8. For Batch Mode (All Reports)
If preparing for the whole team, produce individual evidence summaries for each team member plus a team-level comparison view. See the batch mode template in references/output-template.md.
9. Present
Here's the evidence I gathered for [name]'s review. I've flagged gaps where you'll want to add your own observations.
Remember: this is evidence gathering only. Rating decisions and promotion assessments are yours to make based on the full picture, including things I can't see.
10. Sub-Agent Review
Spawn a sub-agent to review the evidence summary with fresh eyes. The reviewer should:
Check for recency bias: is most evidence from the last few weeks, or spread across the review period?
Check for dimension imbalance: are some dimensions well-evidenced while others are thin?
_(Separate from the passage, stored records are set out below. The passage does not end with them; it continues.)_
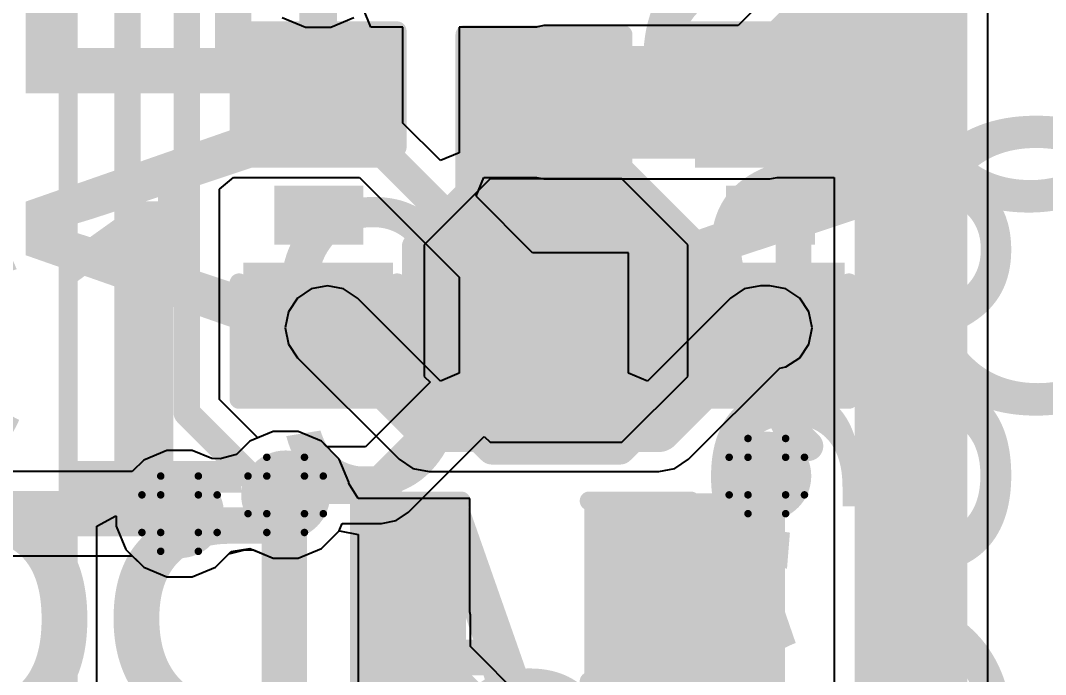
# Model space of a CAD drawing. Header units: inches. Extents: x -1 to 13, y -1.6 to 0.5.
# Drawn here: x 2.6438 to 2.916, y -0.8328 to -0.6589 of the extents above; entities that cross this region are included whole.
import ezdxf

# ---------------------------------------------------------------- set-up
doc = ezdxf.new("R2010")
doc.units = ezdxf.units.IN
doc.header["$MEASUREMENT"] = 0
for name, color, linetype in [('Bottom Layer', 5, 'Continuous'), ('Bottom Overlay', 54, 'Continuous'), ('Bottom Paste', 16, 'Continuous'), ('Bottom Solder', 6, 'Continuous'), ('Drill Drawing', 1, 'Continuous'), ('Top Glue Points', 56, 'Continuous'), ('Top Layer', 1, 'Continuous'), ('Top Overlay', 2, 'Continuous'), ('Top Paste', 8, 'Continuous'), ('Top Solder', 216, 'Continuous'), ('Via Holes', 16, 'Continuous')]:
    doc.layers.add(name, color=color, linetype=linetype)
doc.styles.add('Arial', font='', dxfattribs={"height": 0.2})
doc.styles.add('Arial_Bold', font='', dxfattribs={"height": 0.2})
doc.styles.get('Arial').set_extended_font_data('Arial')
doc.styles.get('Arial_Bold').set_extended_font_data('Arial', bold=True)

# ---------------------------------------------------------------- blocks, each defined once
blk = doc.blocks.new('CAP_0603_47')
at = {"layer": 'Top Layer'}
for points in [[(-0.015, 0.0175), (-0.015, -0.0175), (-0.045, -0.0175), (-0.045, 0.0175)], [(0.045, 0.0175), (0.045, -0.0175), (0.015, -0.0175), (0.015, 0.0175)]]:
    blk.add_hatch(color=1, dxfattribs=at).paths.add_polyline_path(points)
at = {"layer": 'Top Paste'}
for points in [[(-0.015, 0.0175), (-0.015, -0.0175), (-0.045, -0.0175), (-0.045, 0.0175)], [(0.045, 0.0175), (0.045, -0.0175), (0.015, -0.0175), (0.015, 0.0175)]]:
    blk.add_hatch(color=8, dxfattribs=at).paths.add_polyline_path(points)
at = {"layer": 'Top Solder'}
for points in [[(-0.0126378, 0.0198622), (-0.0126378, -0.0198622), (-0.0473622, -0.0198622), (-0.0473622, 0.0198622)], [(0.0473622, 0.0198622), (0.0473622, -0.0198622), (0.0126378, -0.0198622), (0.0126378, 0.0198622)]]:
    blk.add_hatch(color=216, dxfattribs=at).paths.add_polyline_path(points)
at = {"layer": 'Top Overlay', "const_width": 0.005}
for points in [[(-0.049, 0.021), (-0.049, -0.021)], [(-0.049, 0.021), (-0.018, 0.021)], [(0.018, 0.021), (0.049, 0.021)], [(0.049, 0.021), (0.049, -0.021)], [(-0.049, -0.021), (-0.018, -0.021)], [(0.018, -0.021), (0.049, -0.021)]]:
    blk.add_lwpolyline(points, dxfattribs=at)
at = {"layer": 'Top Overlay', "const_width": 0.0025}
for points in [[(-0.05025, 0.021, 1), (-0.04775, 0.021, 1)], [(-0.05025, 0.021, 1), (-0.04775, 0.021, 1)], [(-0.01925, 0.021, 1), (-0.01675, 0.021, 1)], [(0.01675, 0.021, 1), (0.01925, 0.021, 1)], [(0.04775, 0.021, 1), (0.05025, 0.021, 1)], [(0.04775, 0.021, 1), (0.05025, 0.021, 1)], [(-0.05025, -0.021, 1), (-0.04775, -0.021, 1)], [(-0.05025, -0.021, 1), (-0.04775, -0.021, 1)], [(-0.01925, -0.021, 1), (-0.01675, -0.021, 1)], [(0.01675, -0.021, 1), (0.01925, -0.021, 1)], [(0.04775, -0.021, 1), (0.05025, -0.021, 1)], [(0.04775, -0.021, 1), (0.05025, -0.021, 1)]]:
    blk.add_lwpolyline(points, format="xyb", close=True, dxfattribs=at)
blk = doc.blocks.new('CAP_0603_48')
at = {"layer": 'Top Layer'}
for points in [[(-0.015, 0.0175), (-0.015, -0.0175), (-0.045, -0.0175), (-0.045, 0.0175)], [(0.045, 0.0175), (0.045, -0.0175), (0.015, -0.0175), (0.015, 0.0175)]]:
    blk.add_hatch(color=1, dxfattribs=at).paths.add_polyline_path(points)
at = {"layer": 'Top Paste'}
for points in [[(-0.015, 0.0175), (-0.015, -0.0175), (-0.045, -0.0175), (-0.045, 0.0175)], [(0.045, 0.0175), (0.045, -0.0175), (0.015, -0.0175), (0.015, 0.0175)]]:
    blk.add_hatch(color=8, dxfattribs=at).paths.add_polyline_path(points)
at = {"layer": 'Top Solder'}
for points in [[(-0.0126378, 0.0198622), (-0.0126378, -0.0198622), (-0.0473622, -0.0198622), (-0.0473622, 0.0198622)], [(0.0473622, 0.0198622), (0.0473622, -0.0198622), (0.0126378, -0.0198622), (0.0126378, 0.0198622)]]:
    blk.add_hatch(color=216, dxfattribs=at).paths.add_polyline_path(points)
at = {"layer": 'Top Overlay', "const_width": 0.005}
for points in [[(-0.049, 0.021), (-0.049, -0.021)], [(-0.049, 0.021), (-0.018, 0.021)], [(0.018, 0.021), (0.049, 0.021)], [(0.049, 0.021), (0.049, -0.021)], [(-0.049, -0.021), (-0.018, -0.021)], [(0.018, -0.021), (0.049, -0.021)]]:
    blk.add_lwpolyline(points, dxfattribs=at)
at = {"layer": 'Top Overlay', "const_width": 0.0025}
for points in [[(-0.05025, 0.021, 1), (-0.04775, 0.021, 1)], [(-0.05025, 0.021, 1), (-0.04775, 0.021, 1)], [(-0.01925, 0.021, 1), (-0.01675, 0.021, 1)], [(0.01675, 0.021, 1), (0.01925, 0.021, 1)], [(0.04775, 0.021, 1), (0.05025, 0.021, 1)], [(0.04775, 0.021, 1), (0.05025, 0.021, 1)], [(-0.05025, -0.021, 1), (-0.04775, -0.021, 1)], [(-0.05025, -0.021, 1), (-0.04775, -0.021, 1)], [(-0.01925, -0.021, 1), (-0.01675, -0.021, 1)], [(0.01675, -0.021, 1), (0.01925, -0.021, 1)], [(0.04775, -0.021, 1), (0.05025, -0.021, 1)], [(0.04775, -0.021, 1), (0.05025, -0.021, 1)]]:
    blk.add_lwpolyline(points, format="xyb", close=True, dxfattribs=at)
blk = doc.blocks.new('LED_0603_66')
at = {"layer": 'Top Layer'}
for points in [[(-0.03937, 0.01968505), (-0.019685, 0.01968505), (-0.019685, -0.01968505), (-0.03937, -0.01968505)], [(0.0196851, 0.01968505), (0.0393701, 0.01968505), (0.0393701, -0.01968505), (0.0196851, -0.01968505)]]:
    blk.add_hatch(color=1, dxfattribs=at).paths.add_polyline_path(points)
at = {"layer": 'Top Overlay'}
blk.add_hatch(color=2, dxfattribs=at).paths.add_polyline_path([(0.0440001, -0.026), (0.0689999, -0.026), (0.0689999, 0.026), (0.0440001, 0.026)])
at = {"layer": 'Top Paste'}
for points in [[(-0.03937, 0.01968505), (-0.019685, 0.01968505), (-0.019685, -0.01968505), (-0.03937, -0.01968505)], [(0.0196851, 0.01968505), (0.0393701, 0.01968505), (0.0393701, -0.01968505), (0.0196851, -0.01968505)]]:
    blk.add_hatch(color=8, dxfattribs=at).paths.add_polyline_path(points)
at = {"layer": 'Top Solder'}
for points in [[(-0.04337, 0.02368505), (-0.015685, 0.02368505), (-0.015685, -0.02368505), (-0.04337, -0.02368505)], [(0.0156851, 0.02368505), (0.0433701, 0.02368505), (0.0433701, -0.02368505), (0.0156851, -0.02368505)]]:
    blk.add_hatch(color=216, dxfattribs=at).paths.add_polyline_path(points)
at = {"layer": 'Top Overlay', "const_width": 0.005}
for points in [[(-0.044, 0.024), (-0.017, 0.024)], [(-0.044, -0.024), (-0.044, 0.024)], [(0.017, 0.024), (0.0440001, 0.024)], [(0.0440001, -0.024), (0.0440001, 0.024)], [(-0.044, -0.024), (-0.017, -0.024)], [(0.017, -0.024), (0.0440001, -0.024)]]:
    blk.add_lwpolyline(points, dxfattribs=at)
at = {"layer": 'Top Overlay', "const_width": 0.0025}
for points in [[(-0.04525, 0.024, 1), (-0.04275, 0.024, 1)], [(-0.04525, 0.024, 1), (-0.04275, 0.024, 1)], [(-0.01825, 0.024, 1), (-0.01575, 0.024, 1)], [(0.01575, 0.024, 1), (0.01825, 0.024, 1)], [(0.0427501, 0.024, 1), (0.0452501, 0.024, 1)], [(0.0427501, 0.024, 1), (0.0452501, 0.024, 1)], [(-0.04525, -0.024, 1), (-0.04275, -0.024, 1)], [(-0.04525, -0.024, 1), (-0.04275, -0.024, 1)], [(-0.01825, -0.024, 1), (-0.01575, -0.024, 1)], [(0.01575, -0.024, 1), (0.01825, -0.024, 1)], [(0.0427501, -0.024, 1), (0.0452501, -0.024, 1)], [(0.0427501, -0.024, 1), (0.0452501, -0.024, 1)]]:
    blk.add_lwpolyline(points, format="xyb", close=True, dxfattribs=at)
blk = doc.blocks.new('TEST_POINT_B_84')
at = {"layer": 'Bottom Layer'}
blk.add_hatch(color=5, dxfattribs=at).paths.add_polyline_path([(0.015, 0.03), (-0.015, 0.03), (-0.03, 0.015), (-0.03, -0.015), (-0.015, -0.03), (0.015, -0.03), (0.03, -0.015), (0.03, 0.015)])
at = {"layer": 'Bottom Paste'}
blk.add_hatch(color=16, dxfattribs=at).paths.add_polyline_path([(0.015, 0.03), (-0.015, 0.03), (-0.03, 0.015), (-0.03, -0.015), (-0.015, -0.03), (0.015, -0.03), (0.03, -0.015), (0.03, 0.015)])
at = {"layer": 'Bottom Solder'}
blk.add_hatch(color=6, dxfattribs=at).paths.add_polyline_path([(0.017, 0.034), (-0.017, 0.034), (-0.034, 0.017), (-0.034, -0.017), (-0.017, -0.034), (0.017, -0.034), (0.034, -0.017), (0.034, 0.017)])
at = {"layer": 'Bottom Overlay', "const_width": 0.007874}
for points in [[(-0.017, 0.037), (-0.037, 0.017)], [(0.017, 0.037), (-0.017, 0.037)], [(0.037, 0.017), (0.017, 0.037)], [(-0.037, 0.017), (-0.037, -0.017)], [(0.037, 0.017), (0.037, -0.017)], [(-0.017, -0.037), (-0.037, -0.017)], [(0.037, -0.017), (0.017, -0.037)], [(0.017, -0.037), (-0.017, -0.037)]]:
    blk.add_lwpolyline(points, dxfattribs=at)
at = {"layer": 'Bottom Overlay', "const_width": 0.003937}
for points in [[(-0.0189685, 0.037, 1), (-0.0150315, 0.037, 1)], [(-0.0189685, 0.037, 1), (-0.0150315, 0.037, 1)], [(0.0150315, 0.037, 1), (0.0189685, 0.037, 1)], [(0.0150315, 0.037, 1), (0.0189685, 0.037, 1)], [(-0.0389685, 0.017, 1), (-0.0350315, 0.017, 1)], [(-0.0389685, 0.017, 1), (-0.0350315, 0.017, 1)], [(0.0350315, 0.017, 1), (0.0389685, 0.017, 1)], [(0.0350315, 0.017, 1), (0.0389685, 0.017, 1)], [(-0.0389685, -0.017, 1), (-0.0350315, -0.017, 1)], [(-0.0389685, -0.017, 1), (-0.0350315, -0.017, 1)], [(0.0350315, -0.017, 1), (0.0389685, -0.017, 1)], [(0.0350315, -0.017, 1), (0.0389685, -0.017, 1)], [(-0.0189685, -0.037, 1), (-0.0150315, -0.037, 1)], [(-0.0189685, -0.037, 1), (-0.0150315, -0.037, 1)], [(0.0150315, -0.037, 1), (0.0189685, -0.037, 1)], [(0.0150315, -0.037, 1), (0.0189685, -0.037, 1)]]:
    blk.add_lwpolyline(points, format="xyb", close=True, dxfattribs=at)
blk = doc.blocks.new('RES_0603_113')
at = {"layer": 'Top Layer'}
for points in [[(-0.015, 0.0175), (-0.015, -0.0175), (-0.045, -0.0175), (-0.045, 0.0175)], [(0.045, 0.0175), (0.045, -0.0175), (0.015, -0.0175), (0.015, 0.0175)]]:
    blk.add_hatch(color=1, dxfattribs=at).paths.add_polyline_path(points)
at = {"layer": 'Top Paste'}
for points in [[(-0.015, 0.0175), (-0.015, -0.0175), (-0.045, -0.0175), (-0.045, 0.0175)], [(0.045, 0.0175), (0.045, -0.0175), (0.015, -0.0175), (0.015, 0.0175)]]:
    blk.add_hatch(color=8, dxfattribs=at).paths.add_polyline_path(points)
at = {"layer": 'Top Solder'}
for points in [[(-0.011, 0.0215), (-0.011, -0.0215), (-0.049, -0.0215), (-0.049, 0.0215)], [(0.049, 0.0215), (0.049, -0.0215), (0.011, -0.0215), (0.011, 0.0215)]]:
    blk.add_hatch(color=216, dxfattribs=at).paths.add_polyline_path(points)
at = {"layer": 'Top Overlay', "const_width": 0.005}
for points in [[(-0.048, 0.021), (0.048, 0.021)], [(-0.048, 0.021), (-0.048, -0.021)], [(0.048, 0.021), (0.048, -0.021)], [(-0.048, -0.021), (0.048, -0.021)]]:
    blk.add_lwpolyline(points, dxfattribs=at)
at = {"layer": 'Top Overlay', "const_width": 0.0025}
for points in [[(-0.04925, 0.021, 1), (-0.04675, 0.021, 1)], [(-0.04925, 0.021, 1), (-0.04675, 0.021, 1)], [(0.04675, 0.021, 1), (0.04925, 0.021, 1)], [(0.04675, 0.021, 1), (0.04925, 0.021, 1)], [(-0.04925, -0.021, 1), (-0.04675, -0.021, 1)], [(-0.04925, -0.021, 1), (-0.04675, -0.021, 1)], [(0.04675, -0.021, 1), (0.04925, -0.021, 1)], [(0.04675, -0.021, 1), (0.04925, -0.021, 1)]]:
    blk.add_lwpolyline(points, format="xyb", close=True, dxfattribs=at)

msp = doc.modelspace()

# ---------------------------------------------------------------- hatches: boundary and pattern name
at = {"layer": 'Bottom Layer'}
h = msp.add_hatch(color=5, dxfattribs=at)
edge = h.paths.add_edge_path()
edge.add_arc((2.842, -0.78), 0.011811, 0, 360)
h = msp.add_hatch(color=5, dxfattribs=at)
edge = h.paths.add_edge_path()
edge.add_arc((2.7141818, -0.785), 0.011811, 0, 360)
h = msp.add_hatch(color=5, dxfattribs=at)
edge = h.paths.add_edge_path()
edge.add_arc((2.686, -0.79), 0.011811, 0, 360)
at = {"layer": 'Top Glue Points'}
for points in [[(2.71118, -0.70274), (2.71118, -0.71848), (2.7348, -0.71848), (2.7348, -0.70274)], [(2.76705, -0.71861), (2.79855, -0.71861), (2.79855, -0.70287), (2.76705, -0.70287)], [(2.83118, -0.70274), (2.83118, -0.71848), (2.8548, -0.71848), (2.8548, -0.70274)]]:
    msp.add_hatch(color=56, dxfattribs=at).paths.add_polyline_path(points)
at = {"layer": 'Top Layer'}
h = msp.add_hatch(color=1, dxfattribs=at)
edge = h.paths.add_edge_path()
edge.add_arc((2.842, -0.78), 0.011811, 0, 360)
h = msp.add_hatch(color=1, dxfattribs=at)
edge = h.paths.add_edge_path()
edge.add_arc((2.7141818, -0.785), 0.011811, 0, 360)
h = msp.add_hatch(color=1, dxfattribs=at)
edge = h.paths.add_edge_path()
edge.add_arc((2.686, -0.79), 0.011811, 0, 360)
at = {"layer": 'Via Holes'}
h = msp.add_hatch(color=7, dxfattribs=at)
edge = h.paths.add_edge_path()
edge.add_arc((2.842, -0.78), 0.0059055, 0, 360)
h = msp.add_hatch(color=7, dxfattribs=at)
edge = h.paths.add_edge_path()
edge.add_arc((2.7141818, -0.785), 0.0059055, 0, 360)
h = msp.add_hatch(color=7, dxfattribs=at)
edge = h.paths.add_edge_path()
edge.add_arc((2.686, -0.79), 0.0059055, 0, 360)

# ---------------------------------------------------------------- linework, layer by layer
at = {"layer": 'Bottom Layer'}
for p, q in [((2.7132774, -0.6580727), (2.7194561, -0.6606321)), ((2.7261439, -0.6606321), (2.7323226, -0.6580727)), ((2.7194561, -0.6606321), (2.7261439, -0.6606321)), ((2.7685, -0.701), (2.751, -0.7185)), ((2.8035, -0.701), (2.7685, -0.701)), ((2.821, -0.7185), (2.8035, -0.701)), ((2.751, -0.7185), (2.751, -0.7535)), ((2.821, -0.7535), (2.821, -0.7185)), ((2.751, -0.7535), (2.7525403, -0.7550403)), ((2.8035, -0.771), (2.821, -0.7535)), ((2.7525403, -0.7550403), (2.7353829, -0.7721977)), ((2.7108379, -0.768189), (2.7046592, -0.7707484)), ((2.7175257, -0.768189), (2.7108379, -0.768189)), ((2.7237044, -0.7707484), (2.7175257, -0.768189)), ((2.7468158, -0.7896032), (2.7669595, -0.7694595)), ((2.7669595, -0.7694595), (2.7685, -0.771)), ((2.6826561, -0.773189), (2.6764774, -0.7757484)), ((2.6893439, -0.773189), (2.6826561, -0.773189)), ((2.6945694, -0.7753536), (2.6893439, -0.773189)), ((2.7046592, -0.7707484), (2.7011265, -0.7742811)), ((2.7251537, -0.7721977), (2.7237044, -0.7707484)), ((2.7353829, -0.7721977), (2.7251537, -0.7721977)), ((2.7685, -0.771), (2.8035, -0.771)), ((2.6764774, -0.7757484), (2.6734413, -0.7787845)), ((2.696831, -0.7754058), (2.6945694, -0.7753536)), ((2.7011265, -0.7742811), (2.696831, -0.7754058)), ((2.6734413, -0.7787845), (2.6324105, -0.7787845)), ((2.743508, -0.7918134), (2.7468158, -0.7896032)), ((2.7396062, -0.7925895), (2.743508, -0.7918134)), ((2.7237044, -0.7992516), (2.7284334, -0.7945226)), ((2.7284334, -0.7945226), (2.7292341, -0.7925895)), ((2.7292341, -0.7925895), (2.7396062, -0.7925895)), ((2.6990553, -0.8007189), (2.7033508, -0.7995942)), ((2.7033508, -0.7995942), (2.7056124, -0.7996464)), ((2.7056124, -0.7996464), (2.7108379, -0.801811)), ((2.7175257, -0.801811), (2.7237044, -0.7992516)), ((2.6370556, -0.8012155), (2.6734413, -0.8012155)), ((2.6734413, -0.8012155), (2.6764774, -0.8042516)), ((2.6955226, -0.8042516), (2.6990553, -0.8007189)), ((2.7108379, -0.801811), (2.7175257, -0.801811)), ((2.6764774, -0.8042516), (2.6826561, -0.806811)), ((2.6893439, -0.806811), (2.6955226, -0.8042516)), ((2.6826561, -0.806811), (2.6893439, -0.806811))]:
    msp.add_line(p, q, dxfattribs=at)
for points, const_width in [([(2.7396062, -0.7823936), (2.7859998, -0.736)], 0.01), ([(2.7859998, -0.736), (2.786, -0.736)], 0.007), ([(2.7141818, -0.785), (2.7167882, -0.7823936)], 0.01), ([(2.7167882, -0.7823936), (2.7396062, -0.7823936)], 0.01), ([(2.63241, -0.79), (2.686, -0.79)], 0.012)]:
    msp.add_lwpolyline(points, dxfattribs=dict(at, const_width=const_width))
for points, const_width in [([(2.7834998, -0.736, 1), (2.7884998, -0.736, 1)], 0.005), ([(2.7842498, -0.736, 1), (2.7877498, -0.736, 1)], 0.0035), ([(2.78425, -0.736, 1), (2.78775, -0.736, 1)], 0.0035), ([(2.7142882, -0.7823936, 1), (2.7192882, -0.7823936, 1)], 0.005), ([(2.7142882, -0.7823936, 1), (2.7192882, -0.7823936, 1)], 0.005), ([(2.7371062, -0.7823936, 1), (2.7421062, -0.7823936, 1)], 0.005), ([(2.7371062, -0.7823936, 1), (2.7421062, -0.7823936, 1)], 0.005), ([(2.7116818, -0.785, 1), (2.7166818, -0.785, 1)], 0.005), ([(2.683, -0.79, 1), (2.689, -0.79, 1)], 0.006)]:
    msp.add_lwpolyline(points, format="xyb", close=True, dxfattribs=dict(at, const_width=const_width))
at = {"layer": 'Drill Drawing', "const_width": 0.002}
for points in [[(2.837, -0.775), (2.837, -0.77)], [(2.837, -0.77), (2.847, -0.77)], [(2.847, -0.775), (2.847, -0.77)], [(2.7091818, -0.78), (2.7091818, -0.775)], [(2.7091818, -0.775), (2.7191818, -0.775)], [(2.7191818, -0.78), (2.7191818, -0.775)], [(2.832, -0.785), (2.832, -0.775)], [(2.832, -0.775), (2.837, -0.775)], [(2.847, -0.775), (2.852, -0.775)], [(2.852, -0.785), (2.852, -0.775)], [(2.681, -0.785), (2.681, -0.78)], [(2.681, -0.78), (2.691, -0.78)], [(2.691, -0.785), (2.691, -0.78)], [(2.7041818, -0.79), (2.7041818, -0.78)], [(2.7041818, -0.78), (2.7091818, -0.78)], [(2.7191818, -0.78), (2.7241818, -0.78)], [(2.7241818, -0.79), (2.7241818, -0.78)], [(2.676, -0.795), (2.676, -0.785)], [(2.676, -0.785), (2.681, -0.785)], [(2.691, -0.785), (2.696, -0.785)], [(2.696, -0.795), (2.696, -0.785)], [(2.832, -0.785), (2.837, -0.785)], [(2.837, -0.79), (2.837, -0.785)], [(2.847, -0.785), (2.852, -0.785)], [(2.847, -0.79), (2.847, -0.785)], [(2.7041818, -0.79), (2.7091818, -0.79)], [(2.7091818, -0.795), (2.7091818, -0.79)], [(2.7191818, -0.79), (2.7241818, -0.79)], [(2.7191818, -0.795), (2.7191818, -0.79)], [(2.837, -0.79), (2.847, -0.79)], [(2.676, -0.795), (2.681, -0.795)], [(2.681, -0.8), (2.681, -0.795)], [(2.691, -0.795), (2.696, -0.795)], [(2.691, -0.8), (2.691, -0.795)], [(2.7091818, -0.795), (2.7191818, -0.795)], [(2.681, -0.8), (2.691, -0.8)]]:
    msp.add_lwpolyline(points, dxfattribs=at)
at = {"layer": 'Drill Drawing', "const_width": 0.001}
for points in [[(2.8365, -0.77, 1), (2.8375, -0.77, 1)], [(2.8365, -0.77, 1), (2.8375, -0.77, 1)], [(2.8465, -0.77, 1), (2.8475, -0.77, 1)], [(2.8465, -0.77, 1), (2.8475, -0.77, 1)], [(2.7086818, -0.775, 1), (2.7096818, -0.775, 1)], [(2.7086818, -0.775, 1), (2.7096818, -0.775, 1)], [(2.7186818, -0.775, 1), (2.7196818, -0.775, 1)], [(2.7186818, -0.775, 1), (2.7196818, -0.775, 1)], [(2.8315, -0.775, 1), (2.8325, -0.775, 1)], [(2.8315, -0.775, 1), (2.8325, -0.775, 1)], [(2.8365, -0.775, 1), (2.8375, -0.775, 1)], [(2.8365, -0.775, 1), (2.8375, -0.775, 1)], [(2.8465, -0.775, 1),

Flag under-covered areas.
Check for interpretive language: flag any phrasing that crosses from evidence ("shipped X on time") into interpretation ("demonstrated strong execution").
Verify evidence gaps are honestly flagged, not papered over with weak data.
Check that values evidence is presented as "examples I found", not "the full picture."
Incorporate the reviewer's feedback before presenting the final summary to the manager.
Important Notes
Read ../../references/operating-principles.md for shared operating principles (data scope, DM flagging, signals vs diagnoses, connector unavailability).
Additional notes specific to this skill:
NEVER suggest a rating. Not even hints. The manager decides ratings. Period.
NEVER compare team members to each other. Evidence is per-person. Calibration is the manager's job.
Evidence, not interpretation. "Shipped feature X on time" is evidence. "Demonstrated strong execution" is interpretation. Stick to evidence.
Flag gaps honestly. "I found no evidence for behavioral growth" is more useful than padding with weak data.
Recency bias warning. Note if most evidence is from the last month vs. spread across the review period.
Values evidence is hardest to gather digitally. Many values are lived in person, not in Slack. The manager's direct observations are more authoritative.
This supplements, not replaces. The manager has 6 months of direct observation.